Collected data:
● ● ● ●

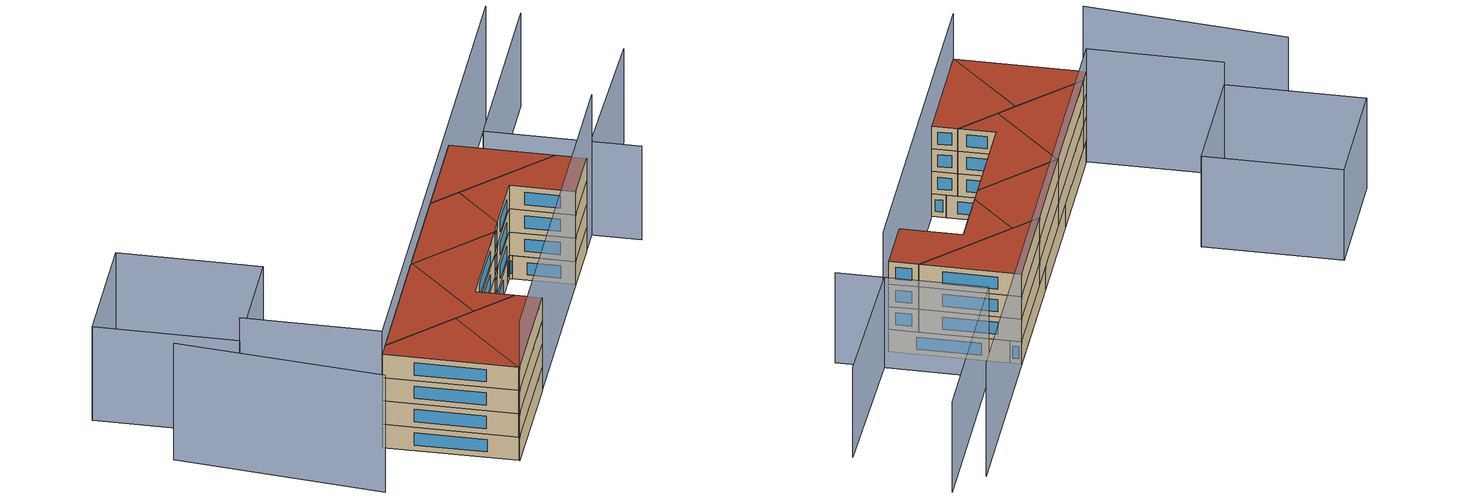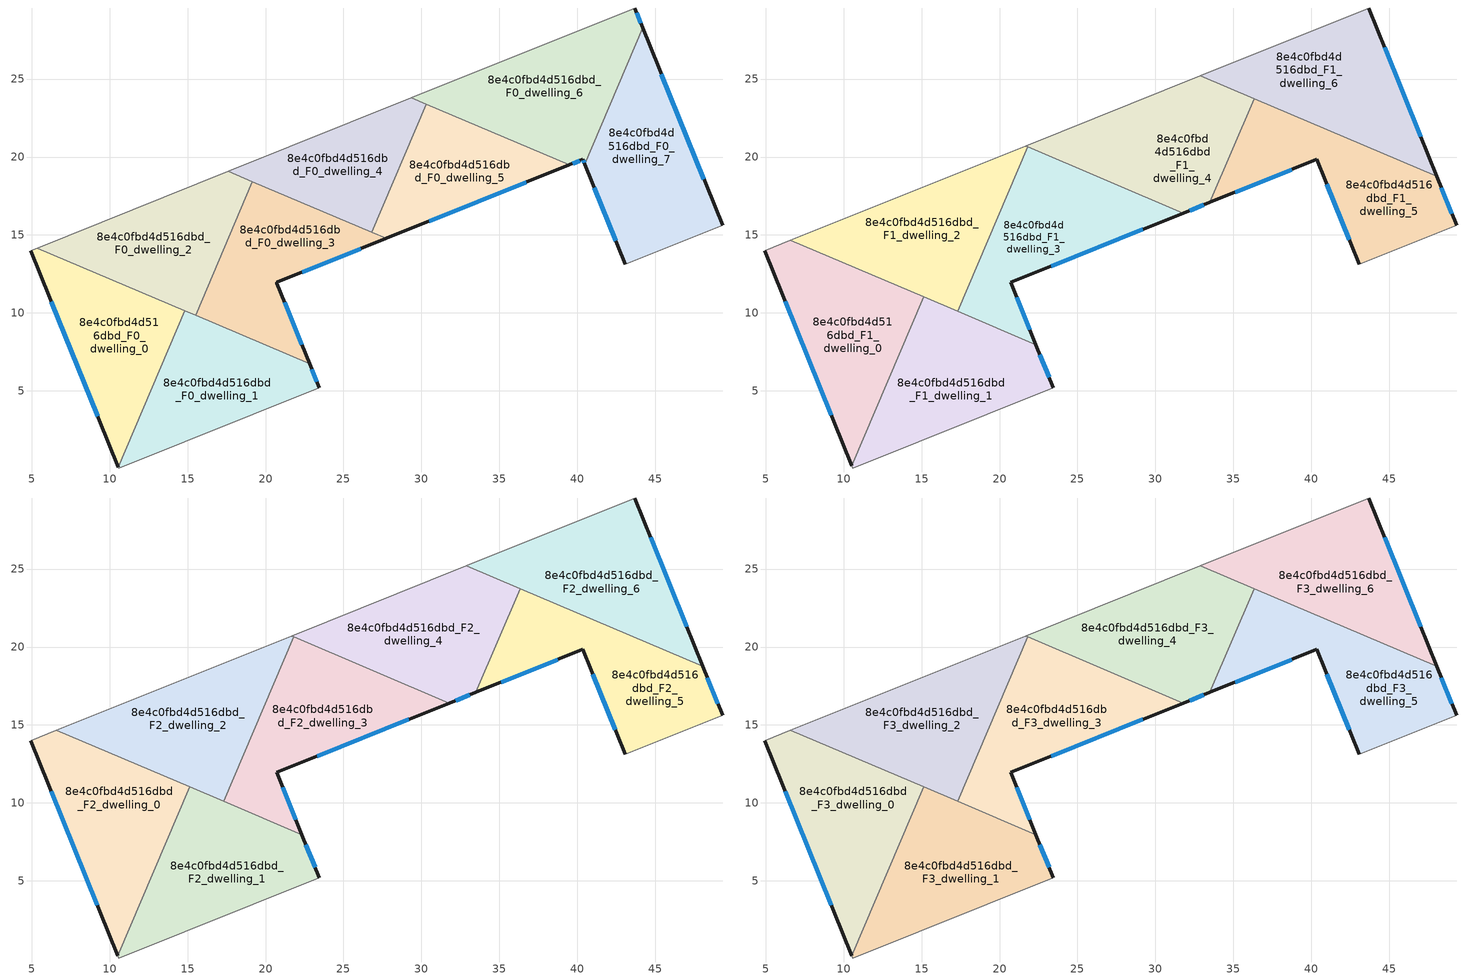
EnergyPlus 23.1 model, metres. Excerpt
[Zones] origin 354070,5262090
8e4c0fbd4d516dbd_F0_dwelling_0
 floor ground (EU_floor_Construction): 14.82,10.14 10.56,0.11 4.95,13.99 5.36,14.15 z0
 wall outside (EU_wall_Construction): 4.95,13.99 10.56,0.11 z0:3
 wall to 8e4c0fbd4d516dbd_F0_dwelling_1 (EU_wall_Construction): 10.56,0.11 14.82,10.14 z0:3
 wall adiabatic (EU_wall_Construction): 5.36,14.15 4.95,13.99 z0:3
 wall to 8e4c0fbd4d516dbd_F0_dwelling_2 (EU_wall_Construction): 14.82,10.14 5.36,14.15 z0:3
 window (EU_Window_Construction): 6.27,10.73 9.24,3.37 z0.7:2.3
8e4c0fbd4d516dbd_F0_dwelling_1
 floor ground (EU_floor_Construction): 22.82,6.74 23.44,5.21 10.58,0.05 10.56,0.11 14.82,10.14 z0
 wall outside (EU_wall_Construction): 23.44,5.21 22.82,6.74 z0:3
 wall adiabatic (EU_wall_Construction): 10.56,0.11 10.58,0.05 23.44,5.21 z0:3
 wall to 8e4c0fbd4d516dbd_F0_dwelling_3 (EU_wall_Construction): 22.82,6.74 15.51,9.84 z0:3
 wall to 8e4c0fbd4d516dbd_F0_dwelling_2 (EU_wall_Construction): 15.51,9.84 14.82,10.14 z0:3
 window (EU_Window_Construction): 23.3,5.57 22.97,6.38 z0.7:2.3
8e4c0fbd4d516dbd_F0_dwelling_2
 floor ground (EU_floor_Construction): 19.16,18.43 15.51,9.84 5.36,14.15 17.61,19.08 z0
 wall to 8e4c0fbd4d516dbd_F0_dwelling_3 (EU_wall_Construction): 15.51,9.84 19.16,18.43 z0:3
 wall adiabatic (EU_wall_Construction): 17.61,19.08 5.36,14.15 z0:3
 wall to 8e4c0fbd4d516dbd_F0_dwelling_4 (EU_wall_Construction): 19.16,18.43 17.61,19.08 z0:3
 ceiling adiabatic (EU_roof_Construction): 15.88,10.71 19.16,18.43 17.61,19.08 6.59,14.65 z3; 15.51,9.84 15.88,10.71 15.12,11.03 14.76,10.16 z3
8e4c0fbd4d516dbd_F0_dwelling_3
 floor ground (EU_floor_Construction): 27.75,14.78 20.72,11.95 20.73,11.91 22.82,6.74 15.51,9.84 19.16,18.43 z0
 wall outside (EU_wall_Construction): 22.82,6.74 20.73,11.91 20.72,11.95 27.75,14.78 z0:3
 wall to 8e4c0fbd4d516dbd_F0_dwelling_5 (EU_wall_Construction): 27.75,14.78 26.81,15.18 z0:3
 wall to 8e4c0fbd4d516dbd_F0_dwelling_4 (EU_wall_Construction): 26.81,15.18 19.16,18.43 z0:3
 window (EU_Window_Construction): 22.33,7.95 21.22,10.7 / 22.37,12.61 26.1,14.11 z0.7:2.3
 ceiling adiabatic (EU_roof_Construction): 17.32,10.09 20.6,17.81 19.16,18.43 15.88,10.71 z3; 22.82,6.74 22.33,7.97 15.88,10.71 15.51,9.84 z3
8e4c0fbd4d516dbd_F0_dwelling_4
 floor ground (EU_floor_Construction): 30.3,23.4 26.81,15.18 17.61,19.08 29.36,23.8 z0
 wall to 8e4c0fbd4d516dbd_F0_dwelling_5 (EU_wall_Construction): 26.81,15.18 30.3,23.4 z0:3
 wall adiabatic (EU_wall_Construction): 29.36,23.8 17.61,19.08 z0:3
 wall to 8e4c0fbd4d516dbd_F0_dwelling_6 (EU_wall_Construction): 30.3,23.4 29.36,23.8 z0:3
 ceiling adiabatic (EU_roof_Construction): 20.6,17.81 21.8,20.64 21.65,20.71 17.61,19.08 z3
8e4c0fbd4d516dbd_F0_dwelling_5
 floor ground (EU_floor_Construction): 39.5,19.5 27.75,14.78 26.81,15.18 30.3,23.4 z0
 wall outside (EU_wall_Construction): 27.75,14.78 39.5,19.5 z0:3
 wall to 8e4c0fbd4d516dbd_F0_dwelling_6 (EU_wall_Construction): 39.5,19.5 30.3,23.4 z0:3
 window (EU_Window_Construction): 30.51,15.89 36.74,18.39 z0.7:2.3
8e4c0fbd4d516dbd_F0_dwelling_6
 floor ground (EU_floor_Construction): 43.68,29.56 44.19,28.29 40.48,19.55 40.36,19.85 39.5,19.5 29.36,23.8 z0
 wall outside (EU_wall_Construction): 44.19,28.29 43.68,29.56 / 39.5,19.5 40.36,19.85 40.48,19.55 z0:3
 wall adiabatic (EU_wall_Construction): 43.68,29.56 29.36,23.8 z0:3
 wall to 8e4c0fbd4d516dbd_F0_dwelling_7 (EU_wall_Construction): 40.48,19.55 44.19,28.29 z0:3
 window (EU_Window_Construction): 44.07,28.59 43.8,29.26 / 40.39,19.78 40.46,19.62 / 39.7,19.58 40.16,19.76 z0.7:2.3
8e4c0fbd4d516dbd_F0_dwelling_7
 floor ground (EU_floor_Construction): 44.19,28.29 49.32,15.61 43.09,13.11 40.48,19.55 z0
 wall outside (EU_wall_Construction): 40.48,19.55 43.09,13.11 / 49.32,15.61 44.19,28.29 z0:3
 wall adiabatic (EU_wall_Construction): 43.09,13.11 49.32,15.61 z0:3
 window (EU_Window_Construction): 41.1,18.04 42.48,14.62 / 48.12,18.59 45.4,25.32 z0.7:2.3
8e4c0fbd4d516dbd_F1_dwelling_0
 floor to 8e4c0fbd4d516dbd_F0_dwelling_0 (EU_floor_Construction): 14.76,10.16 10.53,0.19 4.95,13.99 5.36,14.15 z3
 floor to 8e4c0fbd4d516dbd_F0_dwelling_2 (EU_floor_Construction): 15.12,11.03 14.76,10.16 5.36,14.15 6.59,14.65 z3
 wall outside (EU_wall_Construction): 4.95,13.99 10.53,0.19 z3:6
 wall to 8e4c0fbd4d516dbd_F1_dwelling_1 (EU_wall_Construction): 10.53,0.19 15.12,11.03 z3:6
 wall adiabatic (EU_wall_Construction): 6.59,14.65 4.95,13.99 z3:6
 wall to 8e4c0fbd4d516dbd_F1_dwelling_2 (EU_wall_Construction): 15.12,11.03 6.59,14.65 z3:6
 window (EU_Window_Construction): 6.26,10.75 9.22,3.43 z3.7:5.3
8e4c0fbd4d516dbd_F1_dwelling_1
 floor to 8e4c0fbd4d516dbd_F0_dwelling_1 (EU_floor_Construction): 22.82,6.74 23.44,5.21 10.58,0.05 10.56,0.11 14.82,10.14 z3
 floor to 8e4c0fbd4d516dbd_F0_dwelling_0 (EU_floor_Construction): 14.82,10.14 10.56,0.11 10.53,0.19 14.76,10.16 z3
 floor adiabatic (EU_floor_Construction): 22.33,7.97 22.82,6.74 14.76,10.16 15.12,11.03 z3
 wall outside (EU_wall_Construction): 23.44,5.21 22.33,7.97 z3:6
 wall adiabatic (EU_wall_Construction): 10.53,0.19 10.58,0.05 23.44,5.21 z3:6
 wall to 8e4c0fbd4d516dbd_F1_dwelling_3 (EU_wall_Construction): 22.33,7.97 17.32,10.09 z3:6
 wall to 8e4c0fbd4d516dbd_F1_dwelling_2 (EU_wall_Construction): 17.32,10.09 15.12,11.03 z3:6
 window (EU_Window_Construction): 23.18,5.86 22.59,7.32 z3.7:5.3
8e4c0fbd4d516dbd_F1_dwelling_2
 floor adiabatic (EU_floor_Construction): 21.8,20.64 17.32,10.09 6.59,14.65 21.65,20.71 z3
 wall to 8e4c0fbd4d516dbd_F1_dwelling_3 (EU_wall_Construction): 17.32,10.09 21.8,20.64 z3:6
 wall adiabatic (EU_wall_Construction): 21.65,20.71 6.59,14.65 z3:6
 wall to 8e4c0fbd4d516dbd_F1_dwelling_4 (EU_wall_Construction): 21.8,20.64 21.65,20.71 z3:6
8e4c0fbd4d516dbd_F1_dwelling_3
 floor to 8e4c0fbd4d516dbd_F0_dwelling_3 (EU_floor_Construction): 27.75,14.78 20.72,11.95 20.73,11.91 22.33,7.97 17.32,10.09 20.6,17.81 z3
 floor to 8e4c0fbd4d516dbd_F0_dwelling_4 (EU_floor_Construction): 28.01,18.01 26.81,15.18 20.6,17.81 21.8,20.64 z3
 floor to 8e4c0fbd4d516dbd_F0_dwelling_5 (EU_floor_Construction): 31.79,16.4 27.75,14.78 26.81,15.18 28.01,18.01 z3
 wall outside (EU_wall_Construction): 22.33,7.97 20.72,11.95 31.79,16.4 z3:6
 wall to 8e4c0fbd4d516dbd_F1_dwelling_4 (EU_wall_Construction): 31.79,16.4 21.8,20.64 z3:6
 window (EU_Window_Construction): 21.95,8.9 21.09,11.02 / 23.32,13 29.19,15.36 z3.7:5.3
8e4c0fbd4d516dbd_F1_dwelling_4
 floor to 8e4c0fbd4d516dbd_F0_dwelling_5 (EU_floor_Construction): 35.28,21.29 33.5,17.09 31.79,16.4 28.01,18.01 30.3,23.4 z3
 floor to 8e4c0fbd4d516dbd_F0_dwelling_4 (EU_floor_Construction): 30.3,23.4 28.01,18.01 21.65,20.71 29.36,23.8 z3
 floor to 8e4c0fbd4d516dbd_F0_dwelling_6 (EU_floor_Construction): 36.33,23.75 35.28,21.29 29.36,23.8 32.88,25.22 z3
 wall outside (EU_wall_Construction): 31.79,16.4 33.5,17.09 z3:6
 wall adiabatic (EU_wall_Construction): 32.88,25.22 21.65,20.71 z3:6
 wall to 8e4c0fbd4d516dbd_F1_dwelling_5 (EU_wall_Construction): 33.5,17.09 36.33,23.75 z3:6
 wall to 8e4c0fbd4d516dbd_F1_dwelling_6 (EU_wall_Construction): 36.33,23.75 32.88,25.22 z3:6
 window (EU_Window_Construction): 32.19,16.56 33.1,16.93 z3.7:5.3
8e4c0fbd4d516dbd_F1_dwelling_5
 floor to 8e4c0fbd4d516dbd_F0_dwelling_5 (EU_floor_Construction): 39.5,19.5 33.5,17.09 35.28,21.29 z3
 floor to 8e4c0fbd4d516dbd_F0_dwelling_7 (EU_floor_Construction): 48.04,18.78 49.32,15.61 43.09,13.11 40.48,19.55 41.36,21.62 z3
 floor to 8e4c0fbd4d516dbd_F0_dwelling_6 (EU_floor_Construction): 41.36,21.61 40.48,19.55 40.36,19.85 39.5,19.5 35.28,21.29 36.33,23.75 z3
 wall outside (EU_wall_Construction): 49.32,15.61 48.04,18.78 / 33.5,17.09 40.36,19.85 43.09,13.11 z3:6
 wall adiabatic (EU_wall_Construction): 43.09,13.11 49.32,15.61 z3:6
 wall to 8e4c0fbd4d516dbd_F1_dwelling_6 (EU_wall_Construction): 48.04,18.78 36.33,23.75 z3:6
 window (EU_Window_Construction): 49.02,16.35 48.34,18.03 / 41,18.26 42.45,14.69 / 35.11,17.73 38.75,19.2 z3.7:5.3
8e4c0fbd4d516dbd_F1_dwelling_6
 floor to 8e4c0fbd4d516dbd_F0_dwelling_6 (EU_floor_Construction): 43.68,29.56 44.19,28.29 41.36,21.61 32.88,25.22 z3
 floor to 8e4c0fbd4d516dbd_F0_dwelling_7 (EU_floor_Construction): 44.19,28.29 48.04,18.78 41.36,21.61 z3
 wall outside (EU_wall_Construction): 48.04,18.78 43.68,29.56 z3:6
 wall adiabatic (EU_wall_Construction): 43.68,29.56 32.88,25.22 z3:6
 window (EU_Window_Construction): 47.02,21.31 44.71,27.03 z3.7:5.3
8e4c0fbd4d516dbd_F2_dwelling_0
 floor to 8e4c0fbd4d516dbd_F1_dwelling_0 (EU_floor_Construction): 15.12,11.03 10.53,0.19 4.95,13.99 6.59,14.65 z6
 wall outside (EU_wall_Construction): 4.95,13.99 10.53,0.19 z6:9
 wall to 8e4c0fbd4d516dbd_F2_dwelling_1 (EU_wall_Construction): 10.53,0.19 15.12,11.03 z6:9
 wall adiabatic (EU_wall_Construction): 6.59,14.65 4.95,13.99 z6:9
 wall to 8e4c0fbd4d516dbd_F2_dwelling_2 (EU_wall_Construction): 15.12,11.03 6.59,14.65 z6:9
 window (EU_Window_Construction): 6.26,10.75 9.22,3.43 z6.7:8.3
8e4c0fbd4d516dbd_F2_dwelling_1
 floor to 8e4c0fbd4d516dbd_F1_dwelling_1 (EU_floor_Construction): 22.33,7.97 23.44,5.21 10.58,0.05 10.53,0.19 15.12,11.03 z6
 wall outside (EU_wall_Construction): 23.44,5.21 22.33,7.97 z6:9
 wall adiabatic (EU_wall_Construction): 10.53,0.19 10.58,0.05 23.44,5.21 z6:9
 wall to 8e4c0fbd4d516dbd_F2_dwelling_3 (EU_wall_Construction): 22.33,7.97 17.32,10.09 z6:9
 wall to 8e4c0fbd4d516dbd_F2_dwelling_2 (EU_wall_Construction): 17.32,10.09 15.12,11.03 z6:9
 window (EU_Window_Construction): 23.18,5.86 22.59,7.32 z6.7:8.3
8e4c0fbd4d516dbd_F2_dwelling_2
 floor to 8e4c0fbd4d516dbd_F1_dwelling_2 (EU_floor_Construction): 21.8,20.64 17.32,10.09 6.59,14.65 21.65,20.71 z6
 wall to 8e4c0fbd4d516dbd_F2_dwelling_3 (EU_wall_Construction): 17.32,10.09 21.8,20.64 z6:9
 wall adiabatic (EU_wall_Construction): 21.65,20.71 6.59,14.65 z6:9
 wall to 8e4c0fbd4d516dbd_F2_dwelling_4 (EU_wall_Construction): 21.8,20.64 21.65,20.71 z6:9
8e4c0fbd4d516dbd_F2_dwelling_3
 floor to 8e4c0fbd4d516dbd_F1_dwelling_3 (EU_floor_Construction): 31.79,16.4 20.72,11.95 22.33,7.97 17.32,10.09 21.8,20.64 z6
 wall outside (EU_wall_Construction): 22.33,7.97 20.72,11.95 31.79,16.4 z6:9
 wall to 8e4c0fbd4d516dbd_F2_dwelling_4 (EU_wall_Construction): 31.79,16.4 21.8,20.64 z6:9
 window (EU_Window_Construction): 21.95,8.9 21.09,11.02 / 23.32,13 29.19,15.36 z6.7:8.3
8e4c0fbd4d516dbd_F2_dwelling_4
 floor to 8e4c0fbd4d516dbd_F1_dwelling_4 (EU_floor_Construction): 36.33,23.75 33.5,17.09 31.79,16.4 21.65,20.71 32.88,25.22 z6
 wall outside (EU_wall_Construction): 31.79,16.4 33.5,17.09 z6:9
 wall adiabatic (EU_wall_Construction): 32.88,25.22 21.65,20.71 z6:9
 wall to 8e4c0fbd4d516dbd_F2_dwelling_5 (EU_wall_Construction): 33.5,17.09 36.33,23.75 z6:9
 wall to 8e4c0fbd4d516dbd_F2_dwelling_6 (EU_wall_Construction): 36.33,23.75 32.88,25.22 z6:9
 window (EU_Window_Construction): 32.19,16.56 33.1,16.93 z6.7:8.3
8e4c0fbd4d516dbd_F2_dwelling_5
 floor to 8e4c0fbd4d516dbd_F1_dwelling_5 (EU_floor_Construction): 48.04,18.78 49.32,15.61 43.09,13.11 40.36,19.85 33.5,17.09 36.33,23.75 z6
 wall outside (EU_wall_Construction): 49.32,15.61 48.04,18.78 / 33.5,17.09 40.36,19.85 43.09,13.11 z6:9
 wall adiabatic (EU_wall_Construction): 43.09,13.11 49.32,15.61 z6:9
 wall to 8e4c0fbd4d516dbd_F2_dwelling_6 (EU_wall_Construction): 48.04,18.78 36.33,23.75 z6:9
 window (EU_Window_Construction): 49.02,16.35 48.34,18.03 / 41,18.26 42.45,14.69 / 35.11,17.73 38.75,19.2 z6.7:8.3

● ● ● ●

Problem to work on
Restate word for word the lines of the data above, starting at the line containing "28.01,18.01 30.3,23.4 z3" and ending at the line containing "33.5,17.09 35.28,21.29 z3", both included, and nothing more.

Task answer
 floor to 8e4c0fbd4d516dbd_F0_dwelling_5 (EU_floor_Construction): 35.28,21.29 33.5,17.09 31.79,16.4 28.01,18.01 30.3,23.4 z3
 floor to 8e4c0fbd4d516dbd_F0_dwelling_4 (EU_floor_Construction): 30.3,23.4 28.01,18.01 21.65,20.71 29.36,23.8 z3
 floor to 8e4c0fbd4d516dbd_F0_dwelling_6 (EU_floor_Construction): 36.33,23.75 35.28,21.29 29.36,23.8 32.88,25.22 z3
 wall outside (EU_wall_Construction): 31.79,16.4 33.5,17.09 z3:6
 wall adiabatic (EU_wall_Construction): 32.88,25.22 21.65,20.71 z3:6
 wall to 8e4c0fbd4d516dbd_F1_dwelling_5 (EU_wall_Construction): 33.5,17.09 36.33,23.75 z3:6
 wall to 8e4c0fbd4d516dbd_F1_dwelling_6 (EU_wall_Construction): 36.33,23.75 32.88,25.22 z3:6
 window (EU_Window_Construction): 32.19,16.56 33.1,16.93 z3.7:5.3
8e4c0fbd4d516dbd_F1_dwelling_5
 floor to 8e4c0fbd4d516dbd_F0_dwelling_5 (EU_floor_Construction): 39.5,19.5 33.5,17.09 35.28,21.29 z3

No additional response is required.